Stored data:

☆ ☆ ☆

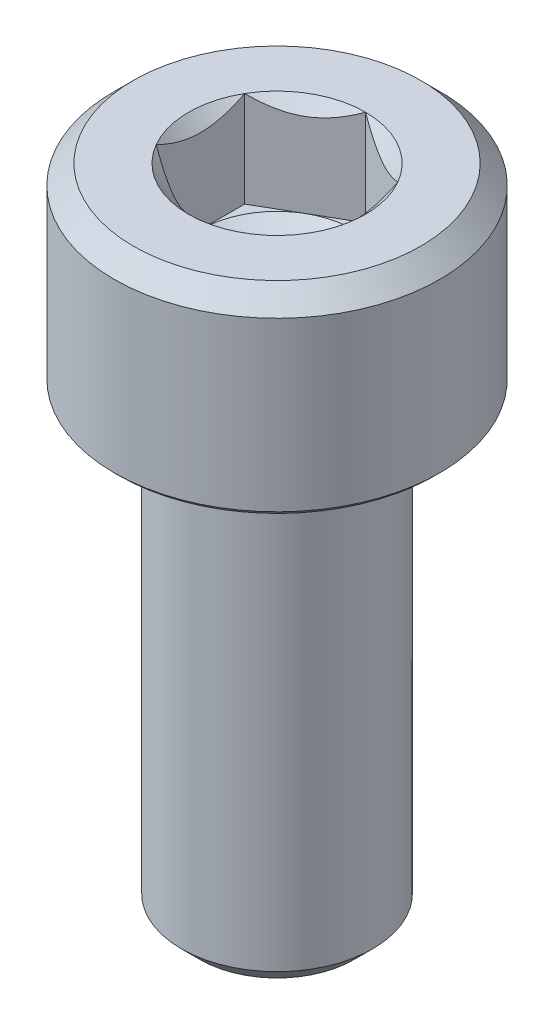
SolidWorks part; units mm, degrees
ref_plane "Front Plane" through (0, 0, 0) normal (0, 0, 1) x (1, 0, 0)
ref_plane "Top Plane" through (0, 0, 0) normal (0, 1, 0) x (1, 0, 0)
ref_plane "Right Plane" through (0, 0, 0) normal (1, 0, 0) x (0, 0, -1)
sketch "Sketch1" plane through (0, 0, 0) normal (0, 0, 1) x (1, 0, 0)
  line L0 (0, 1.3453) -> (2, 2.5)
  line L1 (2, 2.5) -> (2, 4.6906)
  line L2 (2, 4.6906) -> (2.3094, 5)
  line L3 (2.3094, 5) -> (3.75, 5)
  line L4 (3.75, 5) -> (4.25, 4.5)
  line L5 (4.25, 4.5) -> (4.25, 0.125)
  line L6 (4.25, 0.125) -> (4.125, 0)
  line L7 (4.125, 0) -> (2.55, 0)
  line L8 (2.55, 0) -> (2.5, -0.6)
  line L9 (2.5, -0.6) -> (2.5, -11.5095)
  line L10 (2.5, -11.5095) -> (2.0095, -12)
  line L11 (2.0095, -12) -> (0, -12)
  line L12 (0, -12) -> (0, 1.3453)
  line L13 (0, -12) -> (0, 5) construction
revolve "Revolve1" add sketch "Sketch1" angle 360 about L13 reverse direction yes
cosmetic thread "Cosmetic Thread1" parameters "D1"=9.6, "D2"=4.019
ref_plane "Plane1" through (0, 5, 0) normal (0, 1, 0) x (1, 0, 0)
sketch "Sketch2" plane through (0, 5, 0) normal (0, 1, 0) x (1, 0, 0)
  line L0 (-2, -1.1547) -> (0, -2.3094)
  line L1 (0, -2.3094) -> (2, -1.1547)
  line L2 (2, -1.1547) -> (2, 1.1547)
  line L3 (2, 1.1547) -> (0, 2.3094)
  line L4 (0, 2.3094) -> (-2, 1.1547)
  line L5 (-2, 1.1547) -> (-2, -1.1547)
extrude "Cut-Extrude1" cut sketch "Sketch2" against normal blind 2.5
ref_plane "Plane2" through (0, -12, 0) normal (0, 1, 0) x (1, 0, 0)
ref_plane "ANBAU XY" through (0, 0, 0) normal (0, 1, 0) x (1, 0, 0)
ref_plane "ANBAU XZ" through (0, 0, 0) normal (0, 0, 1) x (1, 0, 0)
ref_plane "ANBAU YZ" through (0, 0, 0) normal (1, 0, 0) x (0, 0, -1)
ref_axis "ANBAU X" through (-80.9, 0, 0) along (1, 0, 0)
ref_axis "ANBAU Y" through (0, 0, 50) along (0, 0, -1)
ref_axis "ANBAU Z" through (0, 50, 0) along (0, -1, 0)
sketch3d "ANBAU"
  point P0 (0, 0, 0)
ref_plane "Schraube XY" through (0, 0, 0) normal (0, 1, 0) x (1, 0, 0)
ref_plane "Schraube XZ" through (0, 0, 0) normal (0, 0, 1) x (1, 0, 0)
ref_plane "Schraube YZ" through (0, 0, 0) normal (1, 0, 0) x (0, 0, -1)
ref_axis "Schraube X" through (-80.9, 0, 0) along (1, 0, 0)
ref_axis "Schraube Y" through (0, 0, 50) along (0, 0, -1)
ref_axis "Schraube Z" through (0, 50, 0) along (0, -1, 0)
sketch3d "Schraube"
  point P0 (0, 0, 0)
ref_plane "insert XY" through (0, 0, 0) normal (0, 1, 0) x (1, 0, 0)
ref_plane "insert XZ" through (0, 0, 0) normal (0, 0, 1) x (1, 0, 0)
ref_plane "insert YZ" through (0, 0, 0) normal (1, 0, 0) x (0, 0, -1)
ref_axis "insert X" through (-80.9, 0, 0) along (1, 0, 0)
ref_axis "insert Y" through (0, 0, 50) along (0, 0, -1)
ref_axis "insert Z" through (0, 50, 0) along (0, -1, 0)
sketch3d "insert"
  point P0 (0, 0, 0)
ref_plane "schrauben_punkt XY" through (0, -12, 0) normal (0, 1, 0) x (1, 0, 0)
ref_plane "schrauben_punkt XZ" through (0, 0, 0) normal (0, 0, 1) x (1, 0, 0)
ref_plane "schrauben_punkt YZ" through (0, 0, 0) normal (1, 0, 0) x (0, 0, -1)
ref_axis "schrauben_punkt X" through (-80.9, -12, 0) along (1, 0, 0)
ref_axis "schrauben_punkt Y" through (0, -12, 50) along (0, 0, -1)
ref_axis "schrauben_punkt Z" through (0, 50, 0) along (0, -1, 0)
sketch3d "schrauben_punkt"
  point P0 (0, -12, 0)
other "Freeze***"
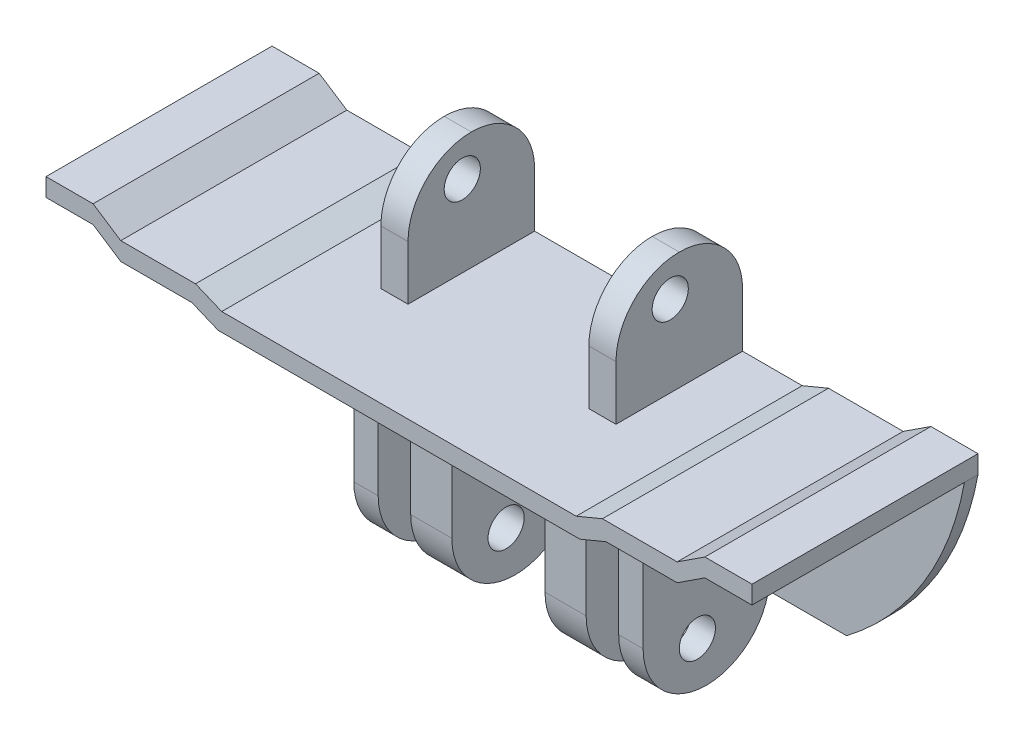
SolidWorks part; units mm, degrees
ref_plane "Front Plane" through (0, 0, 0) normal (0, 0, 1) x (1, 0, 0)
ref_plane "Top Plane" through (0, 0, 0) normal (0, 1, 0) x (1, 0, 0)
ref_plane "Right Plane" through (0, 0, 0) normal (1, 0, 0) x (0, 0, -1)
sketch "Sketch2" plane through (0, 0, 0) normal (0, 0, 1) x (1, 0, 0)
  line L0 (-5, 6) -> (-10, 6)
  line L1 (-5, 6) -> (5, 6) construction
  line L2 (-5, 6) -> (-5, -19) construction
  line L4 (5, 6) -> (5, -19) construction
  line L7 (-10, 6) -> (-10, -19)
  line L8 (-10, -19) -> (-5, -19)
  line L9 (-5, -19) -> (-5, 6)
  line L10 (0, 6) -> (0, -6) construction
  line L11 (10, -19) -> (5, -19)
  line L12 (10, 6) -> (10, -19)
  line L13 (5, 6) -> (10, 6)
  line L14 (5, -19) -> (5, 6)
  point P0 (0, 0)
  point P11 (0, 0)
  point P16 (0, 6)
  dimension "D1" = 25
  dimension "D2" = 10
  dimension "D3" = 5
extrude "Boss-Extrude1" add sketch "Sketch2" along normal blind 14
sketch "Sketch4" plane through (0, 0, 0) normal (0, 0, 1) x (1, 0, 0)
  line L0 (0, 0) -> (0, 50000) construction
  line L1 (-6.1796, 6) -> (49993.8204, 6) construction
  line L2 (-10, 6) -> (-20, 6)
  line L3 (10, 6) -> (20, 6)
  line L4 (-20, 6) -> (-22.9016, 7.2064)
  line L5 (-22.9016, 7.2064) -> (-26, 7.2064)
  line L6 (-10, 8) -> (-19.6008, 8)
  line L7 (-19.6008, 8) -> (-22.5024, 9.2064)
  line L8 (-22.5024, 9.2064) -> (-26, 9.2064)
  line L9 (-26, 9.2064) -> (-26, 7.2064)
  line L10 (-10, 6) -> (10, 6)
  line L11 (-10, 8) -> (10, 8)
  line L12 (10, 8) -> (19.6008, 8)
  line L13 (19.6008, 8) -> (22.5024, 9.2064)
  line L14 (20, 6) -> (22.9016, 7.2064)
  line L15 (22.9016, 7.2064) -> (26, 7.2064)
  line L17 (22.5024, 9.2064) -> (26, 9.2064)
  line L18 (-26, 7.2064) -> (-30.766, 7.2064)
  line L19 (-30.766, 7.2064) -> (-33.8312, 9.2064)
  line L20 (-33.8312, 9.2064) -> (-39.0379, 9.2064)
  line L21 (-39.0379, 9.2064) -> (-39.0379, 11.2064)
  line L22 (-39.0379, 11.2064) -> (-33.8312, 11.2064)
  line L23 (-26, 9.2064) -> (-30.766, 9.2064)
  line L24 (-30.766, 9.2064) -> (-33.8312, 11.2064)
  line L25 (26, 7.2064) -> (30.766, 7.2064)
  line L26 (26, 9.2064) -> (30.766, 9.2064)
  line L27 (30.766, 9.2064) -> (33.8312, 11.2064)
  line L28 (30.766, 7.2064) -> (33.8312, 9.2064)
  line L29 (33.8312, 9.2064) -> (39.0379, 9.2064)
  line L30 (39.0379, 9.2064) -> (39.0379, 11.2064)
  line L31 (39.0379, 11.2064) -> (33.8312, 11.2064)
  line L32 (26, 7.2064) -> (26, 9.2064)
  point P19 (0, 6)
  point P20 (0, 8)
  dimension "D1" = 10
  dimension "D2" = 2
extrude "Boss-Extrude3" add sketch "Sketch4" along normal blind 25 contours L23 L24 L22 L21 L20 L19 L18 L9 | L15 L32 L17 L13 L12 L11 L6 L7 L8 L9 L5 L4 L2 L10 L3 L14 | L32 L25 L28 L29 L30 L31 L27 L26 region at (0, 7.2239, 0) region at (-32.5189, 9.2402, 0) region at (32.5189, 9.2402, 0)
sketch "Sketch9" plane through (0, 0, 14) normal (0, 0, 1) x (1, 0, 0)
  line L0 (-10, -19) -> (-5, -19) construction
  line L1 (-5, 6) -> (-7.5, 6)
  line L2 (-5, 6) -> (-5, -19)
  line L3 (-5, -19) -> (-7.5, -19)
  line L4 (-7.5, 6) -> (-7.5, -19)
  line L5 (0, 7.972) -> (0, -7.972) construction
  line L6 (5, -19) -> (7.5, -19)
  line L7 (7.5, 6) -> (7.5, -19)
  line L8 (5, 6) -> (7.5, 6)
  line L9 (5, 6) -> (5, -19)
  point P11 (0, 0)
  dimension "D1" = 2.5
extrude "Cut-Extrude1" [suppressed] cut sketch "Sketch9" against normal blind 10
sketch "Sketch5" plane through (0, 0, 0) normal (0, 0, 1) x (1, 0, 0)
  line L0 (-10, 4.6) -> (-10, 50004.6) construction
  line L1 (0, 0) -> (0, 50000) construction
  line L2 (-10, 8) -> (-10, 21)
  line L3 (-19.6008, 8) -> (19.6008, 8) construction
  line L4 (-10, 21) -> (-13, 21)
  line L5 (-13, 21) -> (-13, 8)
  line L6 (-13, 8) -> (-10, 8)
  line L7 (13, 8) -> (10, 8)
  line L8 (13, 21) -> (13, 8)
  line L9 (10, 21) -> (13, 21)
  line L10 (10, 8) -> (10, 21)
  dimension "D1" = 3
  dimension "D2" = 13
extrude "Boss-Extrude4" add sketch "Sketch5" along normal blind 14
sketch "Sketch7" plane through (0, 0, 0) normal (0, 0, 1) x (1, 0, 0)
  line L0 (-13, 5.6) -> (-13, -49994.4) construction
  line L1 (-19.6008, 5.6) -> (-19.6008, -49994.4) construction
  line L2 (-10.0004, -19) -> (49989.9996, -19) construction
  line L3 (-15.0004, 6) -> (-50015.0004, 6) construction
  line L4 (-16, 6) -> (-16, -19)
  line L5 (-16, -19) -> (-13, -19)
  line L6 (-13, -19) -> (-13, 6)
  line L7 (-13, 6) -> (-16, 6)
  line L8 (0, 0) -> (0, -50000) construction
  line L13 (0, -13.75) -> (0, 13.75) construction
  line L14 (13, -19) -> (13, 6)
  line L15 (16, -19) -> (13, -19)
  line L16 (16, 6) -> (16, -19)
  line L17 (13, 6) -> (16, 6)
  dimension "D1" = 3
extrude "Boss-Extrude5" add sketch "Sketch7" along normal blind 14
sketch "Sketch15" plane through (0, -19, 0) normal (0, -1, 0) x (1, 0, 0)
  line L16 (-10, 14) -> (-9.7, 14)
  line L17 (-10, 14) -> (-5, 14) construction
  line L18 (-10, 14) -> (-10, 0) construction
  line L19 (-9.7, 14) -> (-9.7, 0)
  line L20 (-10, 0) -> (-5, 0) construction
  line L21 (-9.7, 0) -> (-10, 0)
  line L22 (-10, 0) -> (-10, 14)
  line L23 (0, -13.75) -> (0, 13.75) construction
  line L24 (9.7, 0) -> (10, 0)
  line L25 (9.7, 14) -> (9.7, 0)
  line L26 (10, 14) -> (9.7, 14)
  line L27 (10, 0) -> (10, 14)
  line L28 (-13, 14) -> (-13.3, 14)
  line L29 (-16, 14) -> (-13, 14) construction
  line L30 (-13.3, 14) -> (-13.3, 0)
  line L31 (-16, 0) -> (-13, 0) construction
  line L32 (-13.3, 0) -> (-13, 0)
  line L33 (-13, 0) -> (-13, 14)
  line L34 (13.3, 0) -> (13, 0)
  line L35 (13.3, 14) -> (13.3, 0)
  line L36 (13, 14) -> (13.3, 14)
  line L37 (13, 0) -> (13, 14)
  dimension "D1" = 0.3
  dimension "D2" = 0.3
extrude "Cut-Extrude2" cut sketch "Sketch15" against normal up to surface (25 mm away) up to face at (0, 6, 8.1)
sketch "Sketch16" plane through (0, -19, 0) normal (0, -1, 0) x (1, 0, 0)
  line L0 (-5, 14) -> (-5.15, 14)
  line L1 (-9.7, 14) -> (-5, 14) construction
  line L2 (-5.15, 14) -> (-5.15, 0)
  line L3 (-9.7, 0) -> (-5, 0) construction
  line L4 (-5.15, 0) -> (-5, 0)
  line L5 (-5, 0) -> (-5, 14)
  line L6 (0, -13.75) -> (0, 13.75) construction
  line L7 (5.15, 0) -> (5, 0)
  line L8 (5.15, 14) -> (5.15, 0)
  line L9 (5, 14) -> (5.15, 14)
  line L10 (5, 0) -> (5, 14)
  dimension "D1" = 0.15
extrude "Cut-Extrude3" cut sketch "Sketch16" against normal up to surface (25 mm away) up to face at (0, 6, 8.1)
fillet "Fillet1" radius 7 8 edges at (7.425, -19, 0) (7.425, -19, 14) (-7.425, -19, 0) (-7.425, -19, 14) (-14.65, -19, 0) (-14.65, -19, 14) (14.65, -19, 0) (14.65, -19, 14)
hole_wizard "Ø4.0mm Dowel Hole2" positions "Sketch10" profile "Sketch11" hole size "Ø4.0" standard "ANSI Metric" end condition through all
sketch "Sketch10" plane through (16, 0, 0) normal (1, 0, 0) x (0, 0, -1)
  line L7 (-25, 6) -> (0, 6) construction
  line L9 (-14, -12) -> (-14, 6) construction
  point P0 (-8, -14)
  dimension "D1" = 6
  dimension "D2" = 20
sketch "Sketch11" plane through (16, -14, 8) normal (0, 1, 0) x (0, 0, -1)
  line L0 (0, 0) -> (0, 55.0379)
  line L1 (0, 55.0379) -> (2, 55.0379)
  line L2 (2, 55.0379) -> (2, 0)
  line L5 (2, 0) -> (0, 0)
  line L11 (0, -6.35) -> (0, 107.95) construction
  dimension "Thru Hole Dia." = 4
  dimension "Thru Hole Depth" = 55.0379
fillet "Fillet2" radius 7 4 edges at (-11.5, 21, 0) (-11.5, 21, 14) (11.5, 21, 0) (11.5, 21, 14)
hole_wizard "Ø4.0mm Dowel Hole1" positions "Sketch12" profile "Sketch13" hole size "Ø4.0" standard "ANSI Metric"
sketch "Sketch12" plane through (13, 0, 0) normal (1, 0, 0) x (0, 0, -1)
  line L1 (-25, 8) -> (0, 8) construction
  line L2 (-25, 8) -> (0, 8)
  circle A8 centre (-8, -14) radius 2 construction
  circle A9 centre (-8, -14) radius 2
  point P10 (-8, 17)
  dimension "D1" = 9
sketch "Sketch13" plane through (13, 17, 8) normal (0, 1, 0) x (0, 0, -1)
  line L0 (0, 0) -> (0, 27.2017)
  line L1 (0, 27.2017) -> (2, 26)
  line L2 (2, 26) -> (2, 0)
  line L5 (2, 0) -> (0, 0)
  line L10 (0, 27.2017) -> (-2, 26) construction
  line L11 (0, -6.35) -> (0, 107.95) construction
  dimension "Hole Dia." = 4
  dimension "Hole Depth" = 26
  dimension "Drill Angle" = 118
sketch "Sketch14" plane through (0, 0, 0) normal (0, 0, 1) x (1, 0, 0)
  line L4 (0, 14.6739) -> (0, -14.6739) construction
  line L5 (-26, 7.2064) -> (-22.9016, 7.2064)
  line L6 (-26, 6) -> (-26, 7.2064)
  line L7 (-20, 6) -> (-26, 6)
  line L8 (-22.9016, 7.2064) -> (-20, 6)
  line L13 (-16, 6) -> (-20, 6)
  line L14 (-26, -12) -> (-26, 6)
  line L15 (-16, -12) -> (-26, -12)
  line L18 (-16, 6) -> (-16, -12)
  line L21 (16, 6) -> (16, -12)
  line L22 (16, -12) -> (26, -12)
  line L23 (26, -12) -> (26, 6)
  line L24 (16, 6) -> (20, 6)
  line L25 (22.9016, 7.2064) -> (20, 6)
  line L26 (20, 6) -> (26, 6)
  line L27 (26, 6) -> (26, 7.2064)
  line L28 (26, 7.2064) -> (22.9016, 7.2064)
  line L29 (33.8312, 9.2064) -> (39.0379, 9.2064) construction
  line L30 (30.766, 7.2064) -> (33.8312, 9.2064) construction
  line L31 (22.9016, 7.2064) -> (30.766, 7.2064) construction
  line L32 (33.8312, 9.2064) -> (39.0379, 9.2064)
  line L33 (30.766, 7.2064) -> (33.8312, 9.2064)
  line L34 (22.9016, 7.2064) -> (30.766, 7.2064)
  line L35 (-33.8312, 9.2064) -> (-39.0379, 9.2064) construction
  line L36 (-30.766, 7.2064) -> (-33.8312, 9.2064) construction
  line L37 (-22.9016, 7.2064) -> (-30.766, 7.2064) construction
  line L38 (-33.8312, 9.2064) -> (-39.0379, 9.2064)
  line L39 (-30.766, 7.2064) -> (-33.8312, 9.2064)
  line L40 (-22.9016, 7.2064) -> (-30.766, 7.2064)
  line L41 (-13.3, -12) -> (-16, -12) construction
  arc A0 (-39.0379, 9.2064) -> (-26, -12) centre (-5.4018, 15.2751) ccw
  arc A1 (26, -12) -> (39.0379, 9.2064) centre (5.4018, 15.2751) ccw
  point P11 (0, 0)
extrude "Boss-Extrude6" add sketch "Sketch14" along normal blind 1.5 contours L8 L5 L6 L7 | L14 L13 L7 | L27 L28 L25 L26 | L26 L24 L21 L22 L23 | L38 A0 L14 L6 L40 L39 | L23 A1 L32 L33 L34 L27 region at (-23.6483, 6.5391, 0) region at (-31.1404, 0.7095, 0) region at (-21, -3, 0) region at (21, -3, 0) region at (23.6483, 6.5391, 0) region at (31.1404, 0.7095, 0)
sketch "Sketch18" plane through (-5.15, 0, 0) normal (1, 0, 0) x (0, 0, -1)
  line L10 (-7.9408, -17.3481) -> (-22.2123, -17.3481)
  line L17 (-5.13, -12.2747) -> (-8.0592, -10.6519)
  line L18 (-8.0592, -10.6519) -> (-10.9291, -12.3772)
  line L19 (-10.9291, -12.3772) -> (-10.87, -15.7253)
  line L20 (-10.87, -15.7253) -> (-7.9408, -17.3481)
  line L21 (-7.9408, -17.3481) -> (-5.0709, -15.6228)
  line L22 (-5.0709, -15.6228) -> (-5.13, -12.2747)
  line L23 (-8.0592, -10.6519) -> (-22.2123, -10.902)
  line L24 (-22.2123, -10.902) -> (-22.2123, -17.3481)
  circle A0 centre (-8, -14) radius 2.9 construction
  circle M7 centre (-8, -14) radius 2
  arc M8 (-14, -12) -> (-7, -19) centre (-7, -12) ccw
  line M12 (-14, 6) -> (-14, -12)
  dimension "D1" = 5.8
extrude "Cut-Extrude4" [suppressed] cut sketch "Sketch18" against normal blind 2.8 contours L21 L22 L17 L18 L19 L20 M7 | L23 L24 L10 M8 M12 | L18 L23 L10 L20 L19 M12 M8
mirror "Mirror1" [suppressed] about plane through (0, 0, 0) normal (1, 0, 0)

☆ ☆ ☆

§ ACTIVITY
Scan the records above for the lines holding "line L3 (10, 6) -> (20, 6)" and "line L18 (-26, 7.2064) -> (-30.766, 7.2064)". Transcribe those two and every line between them word for word, and no others.

§ SOLUTION TO THIS TASK
  line L3 (10, 6) -> (20, 6)
  line L4 (-20, 6) -> (-22.9016, 7.2064)
  line L5 (-22.9016, 7.2064) -> (-26, 7.2064)
  line L6 (-10, 8) -> (-19.6008, 8)
  line L7 (-19.6008, 8) -> (-22.5024, 9.2064)
  line L8 (-22.5024, 9.2064) -> (-26, 9.2064)
  line L9 (-26, 9.2064) -> (-26, 7.2064)
  line L10 (-10, 6) -> (10, 6)
  line L11 (-10, 8) -> (10, 8)
  line L12 (10, 8) -> (19.6008, 8)
  line L13 (19.6008, 8) -> (22.5024, 9.2064)
  line L14 (20, 6) -> (22.9016, 7.2064)
  line L15 (22.9016, 7.2064) -> (26, 7.2064)
  line L17 (22.5024, 9.2064) -> (26, 9.2064)
  line L18 (-26, 7.2064) -> (-30.766, 7.2064)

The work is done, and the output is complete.